Liputan6.com, Jakarta - Baru-baru ini, aktris Acha Septriasa membagikan momen kedekatan dengan sang putri, Bridgia Kalina Kharisma alias Brie, dalam sebuah unggahan video di Instagram pribadinya. Namun, ada satu hal yang membuat warganet salah fokus (salfok), yaitu penggunaan tanda pagar (hastag) #coparenting.
Hastag tersebut langsung memunculkan dugaan bahwa Acha Septriasa cerai dari sang suami, Vicky Kharisma. Banyak yang bertanya-tanya, apakah benar rumah tangga pasangan ini telah berakhir?

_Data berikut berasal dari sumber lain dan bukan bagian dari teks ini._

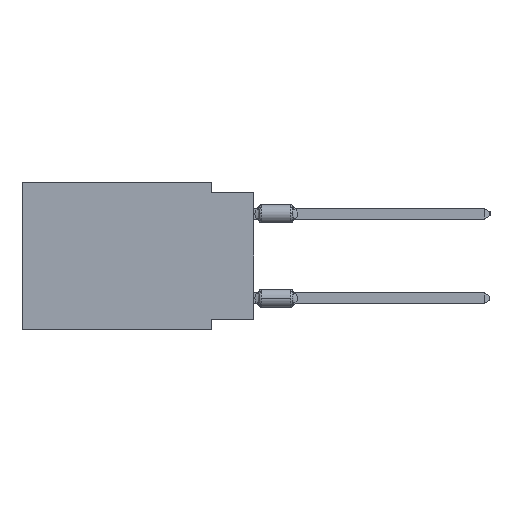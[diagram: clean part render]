
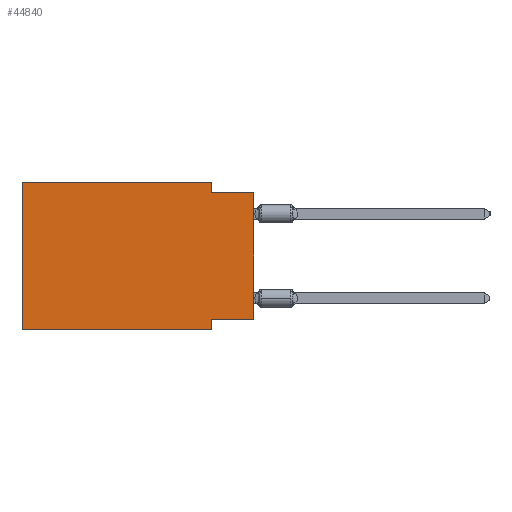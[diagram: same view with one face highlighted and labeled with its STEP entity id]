
A CAD part, left-side view. The second image highlights one B-rep face of the part: STEP entity #44840.
In plain terms, the highlighted planar face has unit normal (-1, 0, 0).
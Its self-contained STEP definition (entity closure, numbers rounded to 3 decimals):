
#17 = LINE ( 'NONE', #34399, #3279 ) ;
#1366 = LINE ( 'NONE', #32907, #50706 ) ;
#2027 = DIRECTION ( 'NONE',  ( 0., 0., 1. ) ) ;
#3279 = VECTOR ( 'NONE', #12510, 1000. ) ;
#3947 = EDGE_CURVE ( 'NONE', #23241, #47887, #15289, .T. ) ;
#4955 = EDGE_CURVE ( 'NONE', #23928, #49339, #6489, .T. ) ;
#6489 = LINE ( 'NONE', #11315, #22735 ) ;
#7613 = CARTESIAN_POINT ( 'NONE',  ( 0., 0., -0.635 ) ) ;
#7686 = VECTOR ( 'NONE', #7890, 1000. ) ;
#7723 = DIRECTION ( 'NONE',  ( 0., 0., -1. ) ) ;
#7890 = DIRECTION ( 'NONE',  ( 0., -1., 0. ) ) ;
#8352 = EDGE_LOOP ( 'NONE', ( #55584, #24091, #40504, #26983, #21097, #48506, #31778, #21093 ) ) ;
#9251 = CARTESIAN_POINT ( 'NONE',  ( 0., 0., -0.635 ) ) ;
#11315 = CARTESIAN_POINT ( 'NONE',  ( 0., 13.97, -8.89 ) ) ;
#12084 = VECTOR ( 'NONE', #2027, 1000. ) ;
#12510 = DIRECTION ( 'NONE',  ( 0., 0., -1. ) ) ;
#12637 = DIRECTION ( 'NONE',  ( 0., -1., 0. ) ) ;
#13015 = CARTESIAN_POINT ( 'NONE',  ( 0., 0., -8.255 ) ) ;
#13678 = CARTESIAN_POINT ( 'NONE',  ( 0., 2.54, -0.635 ) ) ;
#13864 = EDGE_CURVE ( 'NONE', #23516, #49339, #17, .T. ) ;
#14442 = CARTESIAN_POINT ( 'NONE',  ( 0., 2.54, 0. ) ) ;
#15111 = LINE ( 'NONE', #53810, #12084 ) ;
#15289 = LINE ( 'NONE', #14442, #47558 ) ;
#17023 = CARTESIAN_POINT ( 'NONE',  ( 0., 2.54, 0. ) ) ;
#18651 = EDGE_CURVE ( 'NONE', #43090, #23241, #33970, .T. ) ;
#20142 = LINE ( 'NONE', #7613, #7686 ) ;
#20676 = EDGE_CURVE ( 'NONE', #23928, #43090, #15111, .T. ) ;
#21093 = ORIENTED_EDGE ( 'NONE', *, *, #28668, .F. ) ;
#21097 = ORIENTED_EDGE ( 'NONE', *, *, #20676, .F. ) ;
#22425 = VERTEX_POINT ( 'NONE', #9251 ) ;
#22735 = VECTOR ( 'NONE', #24376, 1000. ) ;
#22824 = CARTESIAN_POINT ( 'NONE',  ( 0., 0., -8.255 ) ) ;
#23166 = CARTESIAN_POINT ( 'NONE',  ( 0., 13.97, -8.89 ) ) ;
#23241 = VERTEX_POINT ( 'NONE', #17023 ) ;
#23516 = VERTEX_POINT ( 'NONE', #27509 ) ;
#23928 = VERTEX_POINT ( 'NONE', #23166 ) ;
#24091 = ORIENTED_EDGE ( 'NONE', *, *, #34077, .F. ) ;
#24376 = DIRECTION ( 'NONE',  ( 0., -1., 0. ) ) ;
#26553 = CARTESIAN_POINT ( 'NONE',  ( 0., 2.54, -8.89 ) ) ;
#26983 = ORIENTED_EDGE ( 'NONE', *, *, #18651, .F. ) ;
#27509 = CARTESIAN_POINT ( 'NONE',  ( 0., 2.54, -8.255 ) ) ;
#28374 = DIRECTION ( 'NONE',  ( 0., 0., -1. ) ) ;
#28430 = VECTOR ( 'NONE', #12637, 1000. ) ;
#28668 = EDGE_CURVE ( 'NONE', #52236, #23516, #32460, .T. ) ;
#31778 = ORIENTED_EDGE ( 'NONE', *, *, #13864, .F. ) ;
#32460 = LINE ( 'NONE', #22824, #47064 ) ;
#32618 = DIRECTION ( 'NONE',  ( 0., 0., 1. ) ) ;
#32907 = CARTESIAN_POINT ( 'NONE',  ( 0., 0., 0. ) ) ;
#33970 = LINE ( 'NONE', #55906, #28430 ) ;
#34077 = EDGE_CURVE ( 'NONE', #47887, #22425, #20142, .T. ) ;
#34399 = CARTESIAN_POINT ( 'NONE',  ( 0., 2.54, -8.89 ) ) ;
#34429 = CARTESIAN_POINT ( 'NONE',  ( 0., 13.97, 0. ) ) ;
#36641 = AXIS2_PLACEMENT_3D ( 'NONE', #34429, #55527, #7723 ) ;
#38386 = CARTESIAN_POINT ( 'NONE',  ( 0., 13.97, 0. ) ) ;
#38716 = PLANE ( 'NONE',  #36641 ) ;
#38987 = FACE_OUTER_BOUND ( 'NONE', #8352, .T. ) ;
#40504 = ORIENTED_EDGE ( 'NONE', *, *, #3947, .F. ) ;
#43090 = VERTEX_POINT ( 'NONE', #38386 ) ;
#44840 = ADVANCED_FACE ( 'NONE', ( #38987 ), #38716, .F. ) ;
#47064 = VECTOR ( 'NONE', #53825, 1000. ) ;
#47558 = VECTOR ( 'NONE', #28374, 1000. ) ;
#47887 = VERTEX_POINT ( 'NONE', #13678 ) ;
#48506 = ORIENTED_EDGE ( 'NONE', *, *, #4955, .T. ) ;
#48720 = EDGE_CURVE ( 'NONE', #52236, #22425, #1366, .T. ) ;
#49339 = VERTEX_POINT ( 'NONE', #26553 ) ;
#50706 = VECTOR ( 'NONE', #32618, 1000. ) ;
#52236 = VERTEX_POINT ( 'NONE', #13015 ) ;
#53810 = CARTESIAN_POINT ( 'NONE',  ( 0., 13.97, 0. ) ) ;
#53825 = DIRECTION ( 'NONE',  ( 0., 1., 0. ) ) ;
#55527 = DIRECTION ( 'NONE',  ( 1., 0., 0. ) ) ;
#55584 = ORIENTED_EDGE ( 'NONE', *, *, #48720, .T. ) ;
#55906 = CARTESIAN_POINT ( 'NONE',  ( 0., 13.97, 0. ) ) ;
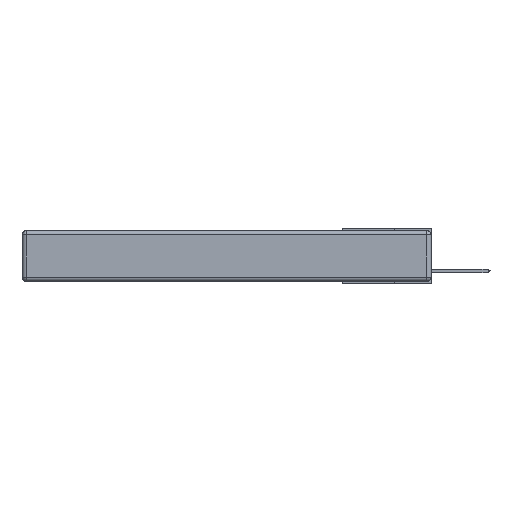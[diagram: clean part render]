
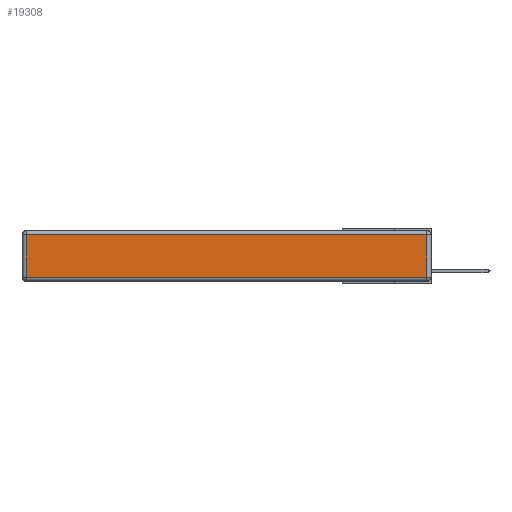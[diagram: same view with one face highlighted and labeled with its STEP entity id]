
A CAD part, left-side view. The second image highlights one B-rep face of the part: STEP entity #19308.
In plain terms, the highlighted planar face has unit normal (-1, 0, 0).
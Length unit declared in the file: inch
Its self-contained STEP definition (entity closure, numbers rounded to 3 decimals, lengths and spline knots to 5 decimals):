
#67 = VERTEX_POINT ( 'NONE', #9942 ) ;
#844 = CARTESIAN_POINT ( 'NONE',  ( 0., 2.72, -0.03 ) ) ;
#1418 = CARTESIAN_POINT ( 'NONE',  ( 0., 0.03, -0.313 ) ) ;
#1439 = FACE_OUTER_BOUND ( 'NONE', #18024, .T. ) ;
#2884 = VERTEX_POINT ( 'NONE', #8712 ) ;
#2896 = ORIENTED_EDGE ( 'NONE', *, *, #5041, .T. ) ;
#3304 = DIRECTION ( 'NONE',  ( 0., 0., -1. ) ) ;
#4044 = EDGE_CURVE ( 'NONE', #14965, #67, #21072, .T. ) ;
#4251 = DIRECTION ( 'NONE',  ( 0., 0., 1. ) ) ;
#5041 = EDGE_CURVE ( 'NONE', #6723, #2884, #8508, .T. ) ;
#5705 = DIRECTION ( 'NONE',  ( -1., 0., 0. ) ) ;
#5845 = CARTESIAN_POINT ( 'NONE',  ( 0., 2.75, -0.03 ) ) ;
#6723 = VERTEX_POINT ( 'NONE', #844 ) ;
#6797 = CARTESIAN_POINT ( 'NONE',  ( 0., 2.72, -0.343 ) ) ;
#8508 = LINE ( 'NONE', #6797, #10731 ) ;
#8712 = CARTESIAN_POINT ( 'NONE',  ( 0., 2.72, -0.313 ) ) ;
#9779 = EDGE_CURVE ( 'NONE', #67, #6723, #17268, .T. ) ;
#9942 = CARTESIAN_POINT ( 'NONE',  ( 0., 0.03, -0.03 ) ) ;
#10631 = CARTESIAN_POINT ( 'NONE',  ( 0., 0., -0.313 ) ) ;
#10731 = VECTOR ( 'NONE', #3304, 39.37008 ) ;
#12340 = DIRECTION ( 'NONE',  ( 0., -1., 0. ) ) ;
#13239 = AXIS2_PLACEMENT_3D ( 'NONE', #16892, #5705, #18661 ) ;
#13627 = EDGE_CURVE ( 'NONE', #2884, #14965, #17592, .T. ) ;
#14866 = CARTESIAN_POINT ( 'NONE',  ( 0., 0.03, -0.343 ) ) ;
#14963 = VECTOR ( 'NONE', #4251, 39.37008 ) ;
#14965 = VERTEX_POINT ( 'NONE', #1418 ) ;
#15073 = VECTOR ( 'NONE', #16930, 39.37008 ) ;
#16088 = ORIENTED_EDGE ( 'NONE', *, *, #4044, .T. ) ;
#16892 = CARTESIAN_POINT ( 'NONE',  ( 0., 0., -0.343 ) ) ;
#16893 = ORIENTED_EDGE ( 'NONE', *, *, #13627, .T. ) ;
#16930 = DIRECTION ( 'NONE',  ( 0., 1., 0. ) ) ;
#17268 = LINE ( 'NONE', #5845, #15073 ) ;
#17592 = LINE ( 'NONE', #10631, #19560 ) ;
#18024 = EDGE_LOOP ( 'NONE', ( #16893, #16088, #20108, #2896 ) ) ;
#18661 = DIRECTION ( 'NONE',  ( 0., 0., 1. ) ) ;
#19308 = ADVANCED_FACE ( 'NONE', ( #1439 ), #20648, .T. ) ;
#19560 = VECTOR ( 'NONE', #12340, 39.37008 ) ;
#20108 = ORIENTED_EDGE ( 'NONE', *, *, #9779, .T. ) ;
#20648 = PLANE ( 'NONE',  #13239 ) ;
#21072 = LINE ( 'NONE', #14866, #14963 ) ;
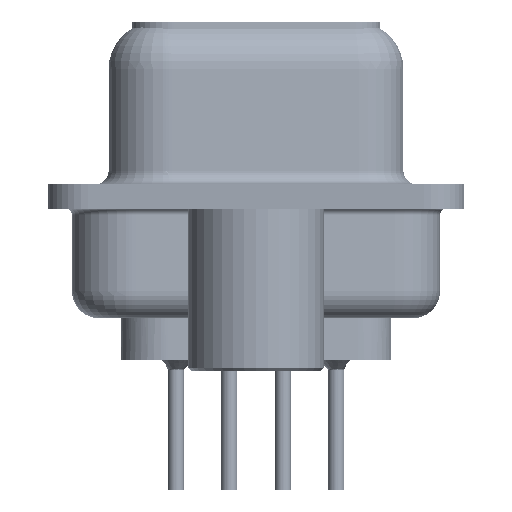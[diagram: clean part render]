
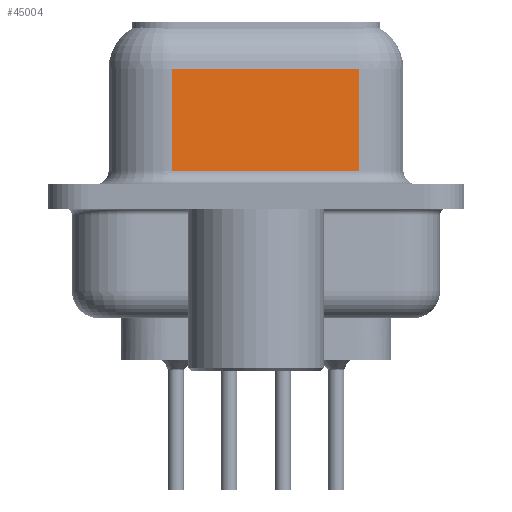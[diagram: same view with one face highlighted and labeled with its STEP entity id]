
A CAD part, left-side view. The second image highlights one B-rep face of the part: STEP entity #45004.
In plain terms, the highlighted planar face has unit normal (-0.985, -0.174, 0).
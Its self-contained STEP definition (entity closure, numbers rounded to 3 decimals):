
#465 = ORIENTED_EDGE ( 'NONE', *, *, #39838, .T. ) ;
#4850 = AXIS2_PLACEMENT_3D ( 'NONE', #15784, #47478, #14627 ) ;
#8245 = VECTOR ( 'NONE', #53224, 1000. ) ;
#8341 = ORIENTED_EDGE ( 'NONE', *, *, #51745, .F. ) ;
#10611 = DIRECTION ( 'NONE',  ( 0., 0., -1. ) ) ;
#13014 = VERTEX_POINT ( 'NONE', #33785 ) ;
#14627 = DIRECTION ( 'NONE',  ( -0.174, 0.985, 0. ) ) ;
#15007 = LINE ( 'NONE', #19451, #23768 ) ;
#15784 = CARTESIAN_POINT ( 'NONE',  ( 5.697, -3.797, 6.45 ) ) ;
#15855 = CARTESIAN_POINT ( 'NONE',  ( 5.697, -3.797, 0.95 ) ) ;
#17698 = EDGE_CURVE ( 'NONE', #13014, #50084, #41974, .T. ) ;
#18220 = VECTOR ( 'NONE', #54127, 1000. ) ;
#19451 = CARTESIAN_POINT ( 'NONE',  ( 5.697, -3.797, 6.45 ) ) ;
#22960 = EDGE_CURVE ( 'NONE', #50084, #38992, #45715, .T. ) ;
#23768 = VECTOR ( 'NONE', #10611, 1000. ) ;
#23890 = DIRECTION ( 'NONE',  ( 0.174, -0.985, 0. ) ) ;
#29414 = PLANE ( 'NONE',  #4850 ) ;
#33785 = CARTESIAN_POINT ( 'NONE',  ( 5.697, -3.797, 4.7 ) ) ;
#35137 = CARTESIAN_POINT ( 'NONE',  ( 4.48, 3.103, 6.45 ) ) ;
#35234 = CARTESIAN_POINT ( 'NONE',  ( 4.48, 3.103, 0.95 ) ) ;
#36059 = CARTESIAN_POINT ( 'NONE',  ( 5.697, -3.797, 4.7 ) ) ;
#37149 = ORIENTED_EDGE ( 'NONE', *, *, #22960, .T. ) ;
#37297 = VERTEX_POINT ( 'NONE', #55987 ) ;
#38892 = EDGE_LOOP ( 'NONE', ( #8341, #39748, #37149, #465 ) ) ;
#38992 = VERTEX_POINT ( 'NONE', #35234 ) ;
#39748 = ORIENTED_EDGE ( 'NONE', *, *, #17698, .T. ) ;
#39838 = EDGE_CURVE ( 'NONE', #38992, #37297, #55572, .T. ) ;
#41974 = LINE ( 'NONE', #36059, #18220 ) ;
#45004 = ADVANCED_FACE ( 'NONE', ( #55787 ), #29414, .F. ) ;
#45715 = LINE ( 'NONE', #35137, #8245 ) ;
#47478 = DIRECTION ( 'NONE',  ( 0.985, 0.174, 0. ) ) ;
#50084 = VERTEX_POINT ( 'NONE', #57317 ) ;
#51745 = EDGE_CURVE ( 'NONE', #13014, #37297, #15007, .T. ) ;
#53224 = DIRECTION ( 'NONE',  ( 0., 0., -1. ) ) ;
#54127 = DIRECTION ( 'NONE',  ( -0.174, 0.985, 0. ) ) ;
#55572 = LINE ( 'NONE', #15855, #56976 ) ;
#55787 = FACE_OUTER_BOUND ( 'NONE', #38892, .T. ) ;
#55987 = CARTESIAN_POINT ( 'NONE',  ( 5.697, -3.797, 0.95 ) ) ;
#56976 = VECTOR ( 'NONE', #23890, 1000. ) ;
#57317 = CARTESIAN_POINT ( 'NONE',  ( 4.48, 3.103, 4.7 ) ) ;

Lantas, apa sebenarnya arti co parenting hingga membuat warganet berspekulasi bahwa Acha dan Vicky telah bercerai?
Mengutip Verywell Mind, co parenting adalah bentuk kerja sama antara dua orangtua dalam membesarkan anak, meskipun mereka sudah tidak lagi menikah atau menjalin hubungan romantis.
Dalam konteks ini, kedua orangtua tetap terlibat secara aktif dalam kehidupan anak demi kesejahteraan sang buah hati.
"Penambahan, pengurangan, atau transisi figur orangtua bisa sangat sulit bagi anak-anak," ujar Psikolog Klinis dan Profesor di Yeshiva University, Sabrina Romanoff, PsyD, seperti dikutip dari Verywell Mind pada Kamis, 7 Agustus 2025.
Dia menambahkan bahwa mencontohkan hubungan yang kooperatif dan penuh saling menghormati antara orangtua, meskipun telah bercerai, dapat membantu perkembangan jangka panjang anak.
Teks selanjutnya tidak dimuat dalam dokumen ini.